Niederflämisch / Flämische Bruchkolonisten
Im Rahmen der mittelalterlichen Ostexpansion des Heiligen Römischen Reiches spielte die Einwanderung flämischer Siedler eine zentrale Rolle bei der Erschließung und Entwicklung der Mark Brandenburg. Besonders unter Albrecht dem Bären wurde gezielt
eine Einwanderungspolitik betrieben, um das dünn besiedelte und wirtschaftlich unterentwickelte Gebiet zu kolonisieren und aufzubauen.
Die Flamen, die im 12. Jahrhundert nach Brandenburg kamen, stammten aus den von Überschwemmungen bedrohten Gebieten in Flandern, Seeland und Holland. Sie folgten gezielten Einladungen deutscher Fürsten, die für die Rodung und Urbarmachung von
Sumpf- und Feuchtgebieten versierte Bauern suchten.
Die flämischen Siedler ließen sich vor allem im südwestlichen Teil der heutigen Mark Brandenburg nieder – einem Gebiet, das bis heute „Fläming“ heißt, ein Hinweis auf ihre Herkunft (Asche & Brechenmacher, 2010, S. 55). Bei dem Begriff „Fläming“ handelt es sich jedoch um keine historisch belegte Eigenbezeichnung, sondern um eine historisch rückblickende, die sich zwar an den flämischen Kolonisten orientiert, aber erst im 19. Jh. zur Gebietsbezeichnung wurde. Dort gründeten sie zahlreiche Dörfer, erschlossen landwirtschaftlich nutzbares Terrain und etablierten frühe Marktorte wie beispielsweise in Jüterbog. Die Flamen galten nicht nur als tüchtige Bauern, sondern auch als geschickte Entwässerungsspezialisten (Asche & Brechenmacher, 2010, S. 52).
Während die flämischen Siedler zunächst ihre niederfränkischen Dialekte mitbrachten, verschmolzen diese mit der Zeit mit der deutschen Umgebungssprache. Der direkte Einfluss des Flämischen ist heute in der Alltagssprache nicht mehr aktiv vorhanden, doch
es existieren einige bleibende Spuren:
Toponyme (Ortsnamen) wie „Fläming“ oder einzelne Ortsbezeichnungen mit niederländischen oder flämischen Wortstämmen zeugen noch heute von der Siedlungsbewegung (Asche & Brechenmacher, 2010, S. 55).
Flurbezeichnungen und historische Urkunden, etwa der Verweis auf eine „Brücke der
Flamen“ (lat. pons Flamingorum) in Jüterbog im Jahr 1174, sind konkrete linguistische Zeugnisse (Asche & Brechenmacher, 2010, S. 55).
Kulturelle Traditionen sowie bestimmte ländliche Bauweisen oder Siedlungsmuster (z. B. Angerdörfer) lassen sich ebenfalls auf flämischen Einfluss zurückführen.

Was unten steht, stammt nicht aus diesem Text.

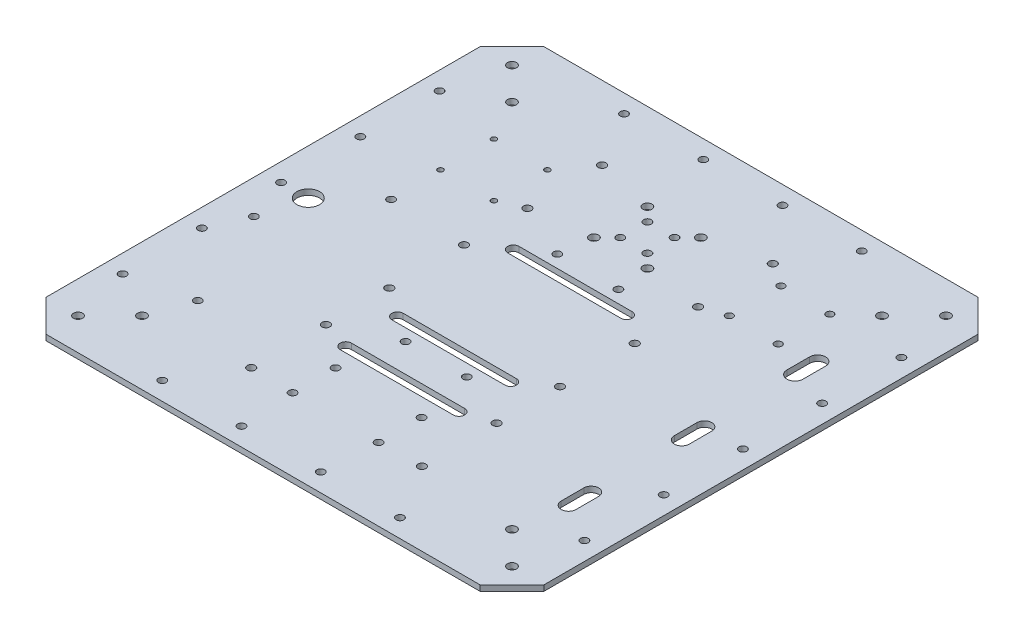
SolidWorks part; units mm, degrees
ref_plane "Front Plane" through (0, 0, 0) normal (0, 0, 1) x (1, 0, 0)
ref_plane "Top Plane" through (0, 0, 0) normal (0, 1, 0) x (1, 0, 0)
ref_plane "Right Plane" through (0, 0, 0) normal (1, 0, 0) x (0, 0, -1)
sketch "Sketch1" plane through (0, 0, 0) normal (0, 1, 0) x (1, 0, 0)
  line L0 (-160.4847, 61.5307) -> (-142.5242, 79.4912)
  line L1 (-160.4847, 79.4912) -> (118.9153, 79.4912)
  line L2 (-160.4847, 79.4912) -> (-160.4847, -199.9088)
  line L3 (-160.4847, -199.9088) -> (118.9153, -199.9088)
  line L4 (118.9153, 79.4912) -> (118.9153, -199.9088)
  line L5 (-20.7847, 79.4912) -> (-20.7847, -199.9088) construction
  line L6 (-160.4847, -60.2088) -> (118.9153, -60.2088) construction
  line L7 (118.9153, 61.5307) -> (100.9548, 79.4912)
  line L8 (118.9153, -181.9483) -> (100.9548, -199.9088)
  line L9 (-160.4847, -181.9483) -> (-142.5242, -199.9088)
  line L10 (-268.2478, 187.2542) -> (226.6783, -307.6719) construction
  line L11 (226.6783, -307.6719) -> (226.6783, 187.2542) construction
  line L12 (226.6783, 187.2542) -> (-268.2478, -307.6719) construction
  line L13 (-268.2478, -307.6719) -> (-268.2478, 187.2542) construction
  line L14 (-268.2478, 187.2542) -> (226.6783, 187.2542) construction
  line L15 (-268.2478, -307.6719) -> (226.6783, -307.6719) construction
  line L16 (-151.5045, 70.5109) -> (-268.2478, 187.2542) construction
  point P8 (-20.7847, 79.4912)
  point P11 (-160.4847, -60.2088)
  point P19 (118.9153, -60.2088)
  point P20 (-20.7847, -199.9088)
  point P22 (-151.5045, 70.5109)
  point P25 (-20.7847, -60.2088)
  point P26 (-20.7847, -60.2088)
  dimension "D1" = 279.4
  dimension "D2" = 279.4
  dimension "D3" = 165.1
  dimension "D4" = 25.4
extrude "Boss-Extrude1" add sketch "Sketch1" along normal blind 3.175 contours L2 L9 L3 L8 L4 L7 L1 L0 region at (-20.7847, 0, 60.2088)
sketch "Sketch2" plane through (0, 3.175, 0) normal (0, 1, 0) x (1, 0, 0)
  line L0 (-20.7847, 79.4912) -> (-20.7847, -287.8465) construction
  line L1 (-142.5242, 79.4912) -> (100.9548, 79.4912) construction
  line L2 (118.9153, -60.2088) -> (-158.2106, -60.2088) construction
  line L3 (118.9153, 61.5307) -> (118.9153, -181.9483) construction
  circle A0 centre (-38.0567, -17.5368) radius 2.159
  circle A1 centre (-3.7667, -17.5368) radius 2.159
  circle A2 centre (-38.0567, -102.6268) radius 2.159
  circle A3 centre (-3.7667, -102.6268) radius 2.159
  dimension "D5" = 4.318
  dimension "D6" = 4.318
  dimension "D7" = 4.318
  dimension "D8" = 4.318
  dimension "D1" = 17.272
  dimension "D2" = 34.29
  dimension "D3" = 85.09
  dimension "D4" = 42.672
extrude "Cut-Extrude1" cut sketch "Sketch2" against normal through all
sketch "Sketch4" plane through (0, 3.175, 0) normal (0, 1, 0) x (1, 0, 0)
  line L0 (-52.5347, -27.7088) -> (10.9653, -27.7088) construction
  line L1 (-52.5347, -24.5338) -> (10.9653, -24.5338)
  line L2 (-52.5347, -30.8838) -> (10.9653, -30.8838)
  line L3 (-52.5347, -92.7088) -> (10.9653, -92.7088) construction
  line L4 (-52.5347, -89.5338) -> (10.9653, -89.5338)
  line L5 (-52.5347, -95.8838) -> (10.9653, -95.8838)
  line L6 (118.9153, 61.5307) -> (118.9153, -181.9483) construction
  line L7 (-20.7847, -92.7088) -> (-20.7847, -198.1921) construction
  line L8 (-160.4847, -60.2088) -> (118.9153, -60.2088) construction
  line L9 (-160.4847, 61.5307) -> (-160.4847, -181.9483) construction
  line L14 (-52.5347, -121.708) -> (10.9653, -121.708) construction
  line L15 (-52.5347, -118.533) -> (10.9653, -118.533)
  line L16 (-52.5347, -124.883) -> (10.9653, -124.883)
  line L17 (-20.7847, -27.7088) -> (-20.7847, -92.7088) construction
  arc A0 (-52.5347, -24.5338) -> (-52.5347, -30.8838) centre (-52.5347, -27.7088) ccw
  arc A1 (10.9653, -30.8838) -> (10.9653, -24.5338) centre (10.9653, -27.7088) ccw
  arc A2 (-52.5347, -89.5338) -> (-52.5347, -95.8838) centre (-52.5347, -92.7088) ccw
  arc A3 (10.9653, -95.8838) -> (10.9653, -89.5338) centre (10.9653, -92.7088) ccw
  arc A7 (-52.5347, -118.533) -> (-52.5347, -124.883) centre (-52.5347, -121.708) ccw
  arc A8 (10.9653, -124.883) -> (10.9653, -118.533) centre (10.9653, -121.708) ccw
  point P2 (-20.7847, -27.7088)
  point P7 (-20.7847, -92.7088)
  point P18 (-20.7847, -60.2088)
  point P19 (-20.7847, -60.2088)
  point P33 (-20.7847, -121.708)
  dimension "D1" = 63.5
  dimension "D2" = 63.5
  dimension "D3" = 6.35
  dimension "D4" = 6.35
  dimension "D5" = 65
  dimension "D6" = 28.9992
  dimension "D8" = 63.5
  dimension "D9" = 6.35
extrude "Cut-Extrude2" cut sketch "Sketch4" against normal through all
sketch "Sketch7" plane through (0, 3.175, 0) normal (0, 1, 0) x (1, 0, 0)
  line L0 (-96.7307, 89.5196) -> (-96.7307, -24.0818) construction
  line L1 (-160.4847, -60.2088) -> (118.9153, -60.2088) construction
  line L2 (-160.4847, 61.5307) -> (-160.4847, -181.9483) construction
  line L3 (118.9153, 61.5307) -> (118.9153, -181.9483) construction
  line L4 (-20.7847, 79.4912) -> (-20.7847, -252.674) construction
  line L5 (-142.5242, 79.4912) -> (100.9548, 79.4912) construction
  circle A0 centre (-81.7447, 20.5632) radius 1.524
  circle A1 centre (-81.7447, -9.4088) radius 1.524
  circle A2 centre (-111.7167, -9.4088) radius 1.524
  circle A3 centre (-111.7167, 20.5632) radius 1.524
  dimension "D1" = 3.048
  dimension "D2" = 14.986
  dimension "D4" = 29.972
  dimension "D3" = 3.048
  dimension "D5" = 50.8
  dimension "D6" = 60.96
  dimension "D7" = 14.986
extrude "Cut-Extrude3" cut sketch "Sketch7" against normal through all
sketch "Sketch8" plane through (0, 3.175, 0) normal (0, 1, 0) x (1, 0, 0)
  line L0 (-142.5242, -199.9088) -> (100.9548, -199.9088) construction
  line L1 (118.9153, 61.5307) -> (118.9153, -181.9483) construction
  circle A0 centre (8.4253, -175.0168) radius 1.524
  circle A1 centre (8.4253, -144.5368) radius 1.524
  circle A2 centre (32.3013, -175.0168) radius 1.524
  circle A3 centre (32.3013, -144.5368) radius 1.524
  dimension "D1" = 3.048
  dimension "D2" = 30.48
  dimension "D3" = 23.876
  dimension "D4" = 24.892
  dimension "D5" = 86.614
extrude "Cut-Extrude4" [suppressed] cut sketch "Sketch8" against normal through all and the other way through all
sketch "Sketch10" plane through (0, 0, 0) normal (0, -1, 0) x (1, 0, 0)
  line L0 (-142.5242, 199.9088) -> (100.9548, 199.9088) construction
  line L1 (-20.7847, 199.9088) -> (-20.7847, 128.7119) construction
  line L2 (-52.5347, 124.883) -> (10.9653, 124.883) construction
  circle A0 centre (-44.9147, 159.173) radius 2.159
  circle A1 centre (3.3453, 159.173) radius 2.159
  circle A2 centre (-44.9147, 135.043) radius 2.159
  circle A3 centre (3.3453, 135.043) radius 2.159
  dimension "D1" = 4.318
  dimension "D2" = 48.26
  dimension "D4" = 10.16
  dimension "D6" = 4.318
  dimension "D7" = 4.318
  dimension "D8" = 4.318
  dimension "D3" = 24.13
  dimension "D5" = 24.13
extrude "Cut-Extrude6" cut sketch "Sketch10" against normal through all
sketch "Sketch9" plane through (0, 0, 0) normal (0, -1, 0) x (-1, 0, 0)
  line L1 (160.4847, -60.2088) -> (-327.4314, -60.2088) construction
  line L2 (-53.8913, -43.6513) -> (-53.8913, -126.5783) construction
  line L3 (20.7847, 79.4912) -> (20.7847, -331.7119) construction
  line L4 (142.5242, 79.4912) -> (-100.9548, 79.4912) construction
  line L7 (160.4847, 61.5307) -> (160.4847, -181.9483) construction
  circle A0 centre (-40.1753, 0.7512) radius 2.032
  circle A1 centre (-67.6073, 0.7512) radius 2.032
  circle A2 centre (-40.1753, 29.7072) radius 2.032
  circle A3 centre (-67.6073, 29.7072) radius 2.032
  dimension "D1" = 4.064
  dimension "D9" = 4.064
  dimension "D2" = 60.96
  dimension "D3" = 28.956
  dimension "D4" = 60.96
  dimension "D8" = 13.716
extrude "Cut-Extrude5" cut sketch "Sketch9" against normal through all
sketch "Sketch13" plane through (0, 0, 0) normal (0, -1, 0) x (1, 0, 0)
  line L0 (-20.7847, -79.4912) -> (-20.7847, 261.4711) construction
  line L1 (-142.5242, -79.4912) -> (100.9548, -79.4912) construction
  line L2 (-160.4847, 60.2088) -> (239.2508, 60.2088) construction
  line L3 (-160.4847, -61.5307) -> (-160.4847, 181.9483) construction
  line L4 (-35.7847, -30.7512) -> (-35.7847, -0.7512) construction
  line L5 (-35.7847, -15.7512) -> (8.2736, -15.7512) construction
  circle A0 centre (-35.7847, -0.7512) radius 2.54
  circle A1 centre (-35.7847, -30.7512) radius 2.54
  circle A2 centre (-5.7847, -30.7512) radius 2.54
  circle A3 centre (-5.7847, -0.7512) radius 2.54
  circle A4 centre (-28.4047, -23.3712) radius 2.159
  circle A5 centre (-28.4047, -8.1312) radius 2.159
  circle A6 centre (-13.1647, -8.1312) radius 2.159
  circle A7 centre (-13.1647, -23.3712) radius 2.159
  dimension "D1" = 5.08
  dimension "D2" = 5.08
  dimension "D6" = 4.318
  dimension "D7" = 15.24
  dimension "D3" = 30
  dimension "D4" = 15
  dimension "D5" = 60.96
  dimension "D8" = 15.24
extrude "Cut-Extrude8" cut sketch "Sketch13" against normal through all
sketch "Sketch14" plane through (0, 0, 0) normal (0, -1, 0) x (1, 0, 0)
  line L0 (-20.7847, 199.9088) -> (-20.7847, -154.5354) construction
  line L1 (-142.5242, 199.9088) -> (100.9548, 199.9088) construction
  line L2 (-160.4847, 60.2088) -> (331.9066, 60.2088) construction
  line L3 (-160.4847, -61.5307) -> (-160.4847, 181.9483) construction
  line L4 (-160.4847, 181.9483) -> (-142.5242, 199.9088) construction
  line L5 (-268.2478, -187.2542) -> (226.6783, 307.6719) construction
  line L6 (-268.2478, -187.2542) -> (226.6783, -187.2542) construction
  line L7 (-268.2478, -187.2542) -> (-268.2478, 307.6719) construction
  line L8 (-160.4847, 181.9483) -> (-142.5242, 199.9088) construction
  line L9 (-151.5045, 190.9286) -> (-83.1439, 122.568) construction
  line L10 (-268.2478, 307.6719) -> (226.6783, 307.6719) construction
  line L11 (226.6783, -187.2542) -> (226.6783, 307.6719) construction
  line L12 (226.6783, -187.2542) -> (-268.2478, 307.6719) construction
  line L14 (-160.4847, -61.5307) -> (-142.5242, -79.4912) construction
  line L21 (-268.2478, -187.2542) -> (-151.5045, -70.5109) construction
  line L22 (109.935, -70.5109) -> (226.6783, -187.2542) construction
  line L23 (118.9153, -61.5307) -> (100.9548, -79.4912) construction
  line L24 (109.935, 190.9286) -> (226.6783, 307.6719) construction
  line L25 (118.9153, 181.9483) -> (100.9548, 199.9088) construction
  line L26 (-268.2478, 307.6719) -> (-151.5045, 190.9286) construction
  circle A1 centre (-142.5242, 181.9483) radius 2.54
  circle A3 centre (-124.5637, 163.9878) radius 2.54
  circle A4 centre (82.9942, 163.9878) radius 2.54
  circle A7 centre (100.9548, 181.9483) radius 2.54
  circle A8 centre (-142.5242, -61.5307) radius 2.54
  circle A11 centre (-124.5637, -43.5701) radius 2.54
  circle A14 centre (100.9548, -61.5307) radius 2.54
  circle A15 centre (82.9942, -43.5701) radius 2.54
  point P8 (-20.7847, 60.2088)
  point P30 (226.6783, 60.2088)
  point P33 (-151.5045, -70.5109)
  point P36 (-20.7847, -187.2542)
  dimension "D3" = 5.08
  dimension "D6" = 5.08
  dimension "D1" = 12.7
  dimension "D2" = 165.1
  dimension "D9" = 25.4
extrude "Cut-Extrude9" cut sketch "Sketch14" against normal through all
sketch "Sketch15" plane through (0, 0, 0) normal (0, -1, 0) x (1, 0, 0)
  line L0 (-20.7847, 199.9088) -> (-20.7847, 125.875) construction
  line L1 (-142.5242, 199.9088) -> (100.9548, 199.9088) construction
  line L2 (-160.4847, 60.2088) -> (75.4631, 60.2088) construction
  line L3 (-160.4847, -61.5307) -> (-160.4847, 181.9483) construction
  circle A0 centre (-43.0097, 189.7488) radius 2.159
  circle A1 centre (-87.4597, 189.7488) radius 2.159
  circle A2 centre (-150.3247, 60.2088) radius 2.159
  circle A3 centre (-150.3247, 104.6588) radius 2.159
  circle A4 centre (-150.3247, 149.1088) radius 2.159
  circle A5 centre (108.7553, 149.1088) radius 2.159
  circle A6 centre (108.7553, 104.6588) radius 2.159
  circle A7 centre (108.7553, 60.2088) radius 2.159
  circle A8 centre (45.8903, 189.7488) radius 2.159
  circle A9 centre (1.4403, 189.7488) radius 2.159
  circle A10 centre (1.4403, -69.3312) radius 2.159
  circle A11 centre (45.8903, -69.3312) radius 2.159
  circle A12 centre (108.7553, 15.7588) radius 2.159
  circle A13 centre (108.7553, -28.6912) radius 2.159
  circle A14 centre (-150.3247, -28.6912) radius 2.159
  circle A15 centre (-150.3247, 15.7588) radius 2.159
  circle A16 centre (-87.4597, -69.3312) radius 2.159
  circle A17 centre (-43.0097, -69.3312) radius 2.159
  dimension "D3" = 4.318
  dimension "D4" = 4.318
  dimension "D8" = 4.318
  dimension "D9" = 4.318
  dimension "D10" = 4.318
  dimension "D1" = 22.225
  dimension "D2" = 44.45
  dimension "D5" = 10.16
  dimension "D6" = 44.45
  dimension "D7" = 44.45
  dimension "D11" = 10.16
extrude "Cut-Extrude10" cut sketch "Sketch15" against normal through all
sketch "Sketch16" plane through (0, 0, 0) normal (0, -1, 0) x (-1, 0, 0)
  line L0 (20.7847, 79.4912) -> (20.7847, -323.0503) construction
  line L1 (-49.3193, -131.0748) -> (-89.9593, -131.0748)
  line L2 (-49.3193, -131.0748) -> (-49.3193, -47.5088)
  line L3 (-49.3193, -47.5088) -> (-89.9593, -47.5088)
  line L4 (-89.9593, -131.0748) -> (-89.9593, -47.5088)
  line L5 (131.5287, -131.0748) -> (131.5287, -47.5088)
  line L6 (142.5242, 79.4912) -> (-100.9548, 79.4912) construction
  line L7 (160.4847, -60.2088) -> (-312.3855, -60.2088) construction
  line L8 (160.4847, 61.5307) -> (160.4847, -181.9483) construction
  line L9 (90.8887, -47.5088) -> (131.5287, -47.5088)
  line L10 (90.8887, -131.0748) -> (90.8887, -47.5088)
  line L11 (90.8887, -131.0748) -> (131.5287, -131.0748)
  circle A0 centre (-74.7193, -140.9808) radius 2.159
  circle A1 centre (-69.6393, -37.6028) radius 2.159
  circle A2 centre (-99.8653, -84.4248) radius 2.159
  circle A3 centre (141.4347, -84.4248) radius 2.159
  circle A4 centre (111.2087, -37.6028) radius 2.159
  circle A5 centre (116.2887, -140.9808) radius 2.159
  dimension "D3" = 9.906
  dimension "D4" = 9.906
  dimension "D5" = 9.906
  dimension "D6" = 15.24
  dimension "D7" = 20.32
  dimension "D8" = 46.65
  dimension "D9" = 4.318
  dimension "D10" = 4.318
  dimension "D11" = 4.318
  dimension "D1" = 83.566
  dimension "D2" = 40.64
  dimension "D12" = 120.65
  dimension "D13" = 12.7
extrude "Cut-Extrude11" cut sketch "Sketch16" against normal through all contours A5 | A3 | A4
sketch "Sketch17" plane through (0, 3.175, 0) normal (0, 1, 0) x (1, 0, 0)
  line L2 (-20.7847, 79.4912) -> (-20.7847, -395.818) construction
  line L3 (-142.5242, 79.4912) -> (100.9548, 79.4912) construction
  line L4 (118.9153, -60.2088) -> (-127.1454, -60.2088) construction
  line L5 (118.9153, 61.5307) -> (118.9153, -181.9483) construction
  circle A12 centre (27.0943, -158.6338) radius 2.2225
  circle A13 centre (-68.6637, -158.6338) radius 2.2225
  circle A14 centre (27.0943, -116.7238) radius 2.2225
  circle A15 centre (-68.6637, -116.7238) radius 2.2225
  circle A16 centre (27.0943, -81.1638) radius 2.2225
  circle A17 centre (-68.6637, -81.1638) radius 2.2225
  circle A18 centre (27.0943, -39.2538) radius 2.2225
  circle A19 centre (-68.6637, -39.2538) radius 2.2225
  circle A20 centre (27.0943, -3.6938) radius 2.2225
  circle A21 centre (-68.6637, -3.6938) radius 2.2225
  circle A22 centre (27.0943, 38.2162) radius 2.2225
  circle A23 centre (-68.6637, 38.2162) radius 2.2225
  circle A24 centre (-68.6637, 38.2162) radius 2.2225
  circle A25 centre (27.0943, 38.2162) radius 2.2225
  circle A26 centre (-68.6637, -3.6938) radius 2.2225
  circle A27 centre (27.0943, -3.6938) radius 2.2225
  circle A28 centre (-68.6637, -39.2538) radius 2.2225
  circle A29 centre (27.0943, -39.2538) radius 2.2225
  circle A30 centre (-68.6637, -81.1638) radius 2.2225
  circle A31 centre (27.0943, -81.1638) radius 2.2225
  circle A32 centre (-68.6637, -116.7238) radius 2.2225
  circle A33 centre (27.0943, -116.7238) radius 2.2225
  circle A34 centre (-68.6637, -158.6338) radius 2.2225
  dimension "D1" = 4.445
  dimension "D2" = 4.445
  dimension "D3" = 4.445
  dimension "D4" = 4.445
  dimension "D5" = 4.445
  dimension "D6" = 4.445
  dimension "D7" = 4.445
  dimension "D8" = 4.445
  dimension "D9" = 4.445
  dimension "D10" = 4.445
  dimension "D11" = 4.445
  dimension "D12" = 4.445
  dimension "D25" = 56.515
  dimension "D24" = 56.515
  dimension "D13" = 95.758
  dimension "D14" = 41.91
  dimension "D15" = 95.758
  dimension "D16" = 41.91
  dimension "D17" = 95.758
  dimension "D18" = 41.91
  dimension "D19" = 47.879
  dimension "D20" = 47.879
  dimension "D21" = 47.879
  dimension "D22" = 20.955
extrude "Cut-Extrude13" cut sketch "Sketch17" against normal through all contours A23 | A22 | A20 | A21 | A18 | A19 | A17 | A16 | A12 | A14 | A15 | A13
sketch "Sketch18" [suppressed] plane through (0, 3.175, 0) normal (0, 1, 0) x (1, 0, 0)
  line L1 (-142.5242, -199.9088) -> (-160.4847, -181.9483)
  line L2 (-142.5242, -199.9088) -> (-106.6032, -163.9878)
  line L3 (-106.6032, -163.9878) -> (-124.5637, -146.0273)
  line L4 (-160.4847, -181.9483) -> (-124.5637, -146.0273)
  line L5 (-20.7847, 79.4912) -> (-20.7847, -264.9481) construction
  line L6 (-142.5242, 79.4912) -> (100.9548, 79.4912) construction
  line L7 (118.9153, -60.2088) -> (-155.4453, -60.2088) construction
  line L8 (118.9153, 61.5307) -> (118.9153, -181.9483) construction
  line L9 (-160.4847, 61.5307) -> (-124.5637, 25.6096)
  line L10 (-106.6032, 43.5701) -> (-124.5637, 25.6096)
  line L11 (-142.5242, 79.4912) -> (-106.6032, 43.5701)
  line L12 (-142.5242, 79.4912) -> (-160.4847, 61.5307)
  line L13 (100.9548, 79.4912) -> (118.9153, 61.5307)
  line L14 (100.9548, 79.4912) -> (65.0337, 43.5701)
  line L15 (65.0337, 43.5701) -> (82.9942, 25.6096)
  line L16 (118.9153, 61.5307) -> (82.9942, 25.6096)
  line L17 (118.9153, -181.9483) -> (82.9942, -146.0273)
  line L18 (65.0337, -163.9878) -> (82.9942, -146.0273)
  line L19 (100.9548, -199.9088) -> (65.0337, -163.9878)
  line L20 (100.9548, -199.9088) -> (118.9153, -181.9483)
  line L21 (-142.5242, -181.9483) -> (-124.5637, -163.9878) construction
  line L22 (-160.4847, -181.9483) -> (-142.5242, -199.9088) construction
  line L23 (-160.4847, -181.9483) -> (-142.5242, -199.9088) construction
  circle A2 centre (-124.5637, -163.9878) radius 2.54 construction
  circle A3 centre (-142.5242, -181.9483) radius 2.54 construction
  circle A4 centre (-124.5637, -163.9878) radius 2.54 construction
  circle A5 centre (-142.5242, -181.9483) radius 2.54 construction
  point P12 (-151.5045, -190.9286)
  point P33 (-151.5045, -190.9286)
  dimension "D1" = 50.8
  dimension "D2" = 25.4
sketch "Sketch19" plane through (0, 3.175, 0) normal (0, 1, 0) x (1, 0, 0)
  line L0 (87.1653, -136.4088) -> (87.1653, -123.7088) construction
  line L1 (83.0169, -136.4088) -> (83.0169, -123.7088)
  line L2 (91.3137, -136.4088) -> (91.3137, -123.7088)
  line L3 (87.1653, -72.9088) -> (87.1653, -60.2088) construction
  line L4 (83.0169, -72.9088) -> (83.0169, -60.2088)
  line L5 (91.3137, -72.9088) -> (91.3137, -60.2088)
  line L6 (87.1653, -9.4088) -> (87.1653, 3.2912) construction
  line L7 (82.6711, -9.4088) -> (82.6711, 3.2912)
  line L8 (91.6594, -9.4088) -> (91.6594, 3.2912)
  line L9 (118.9153, 61.5307) -> (118.9153, -181.9483) construction
  line L10 (-142.5242, -199.9088) -> (100.9548, -199.9088) construction
  arc A0 (83.0169, -136.4088) -> (91.3137, -136.4088) centre (87.1653, -136.4088) ccw
  arc A1 (91.3137, -123.7088) -> (83.0169, -123.7088) centre (87.1653, -123.7088) ccw
  arc A2 (83.0169, -72.9088) -> (91.3137, -72.9088) centre (87.1653, -72.9088) ccw
  arc A3 (91.3137, -60.2088) -> (83.0169, -60.2088) centre (87.1653, -60.2088) ccw
  arc A4 (82.6711, -9.4088) -> (91.6594, -9.4088) centre (87.1653, -9.4088) ccw
  arc A5 (91.6594, 3.2912) -> (82.6711, 3.2912) centre (87.1653, 3.2912) ccw
  point P2 (87.1653, -130.0588)
  point P7 (87.1653, -66.5588)
  point P14 (87.1653, -3.0588)
  dimension "D1" = 12.7
  dimension "D2" = 12.7
  dimension "D3" = 12.7
  dimension "D4" = 50.8
  dimension "D5" = 50.8
  dimension "D6" = 31.75
  dimension "D7" = 63.5
extrude "Cut-Extrude14" cut sketch "Sketch19" against normal through all
sketch "Sketch20" plane through (0, 3.175, 0) normal (0, 1, 0) x (1, 0, 0)
  line L0 (-160.4847, -60.2088) -> (142.2929, -60.2088) construction
  line L1 (-160.4847, 61.5307) -> (-160.4847, -181.9483) construction
  line L2 (-20.7847, 79.4912) -> (-20.7847, -217.6785) construction
  line L3 (-142.5242, 79.4912) -> (100.9548, 79.4912) construction
  circle A0 centre (-135.0847, -60.2088) radius 6.35
  point P10 (0, 0)
  point P11 (0, 0)
  dimension "D1" = 12.7
  dimension "D2" = 25.4
extrude "Cut-Extrude15" cut sketch "Sketch20" against normal through all

Ein direkter Einfluss der flämischen Sprache auf das heutige Brandenburgische ist linguistisch kaum noch nachweisbar, da sich der niederfränkische Sprachbestand im Laufe der Jahrhunderte nahezu vollständig dem Hochdeutschen angeglichen hat. Dennoch lassen sich sprachliche Relikte dieser frühen Zuwanderer bis heute erkennen. Insbesondere in der regionalen Namenslandschaft und in der ländlichen Umgangssprache des Fläming und des mittelmärkischen Raums. Einige heute noch bekannte Dialektwörter gehen auf mittel-niederfränkische bzw. niederländische Wurzeln zurück. Diese Lehnwörter haben sich über Generationen hinweg erhalten, wurden jedoch im Laufe der Zeit morphologisch und phonetisch angepasst. Allerdings sind viele dieser Ausdrücke mittlerweile vom Aussterben bedroht. Das sogenannte „Flämingplatt“ wird heute fast ausschließlich von älteren Menschen gesprochen und ist im alltäglichen Sprachgebrauch kaum noch präsent.
Literaturverzeichnis
Asche, M., & Brechenmacher, T. (Hrsg.). (2010). Hier geblieben? Brandenburg als
Einwanderungsland vom Mittelalter bis heute. Universitätsverlag Potsdam. -102
Literaturverzeichnis (Tabelle)
[1] Landesheimatbund Brandenburg (o.J.). Wörterbuch Fläming-Platt.
[2] Lexikon der brandenburgischen Dialekte, Historische Kommission zu Berlin.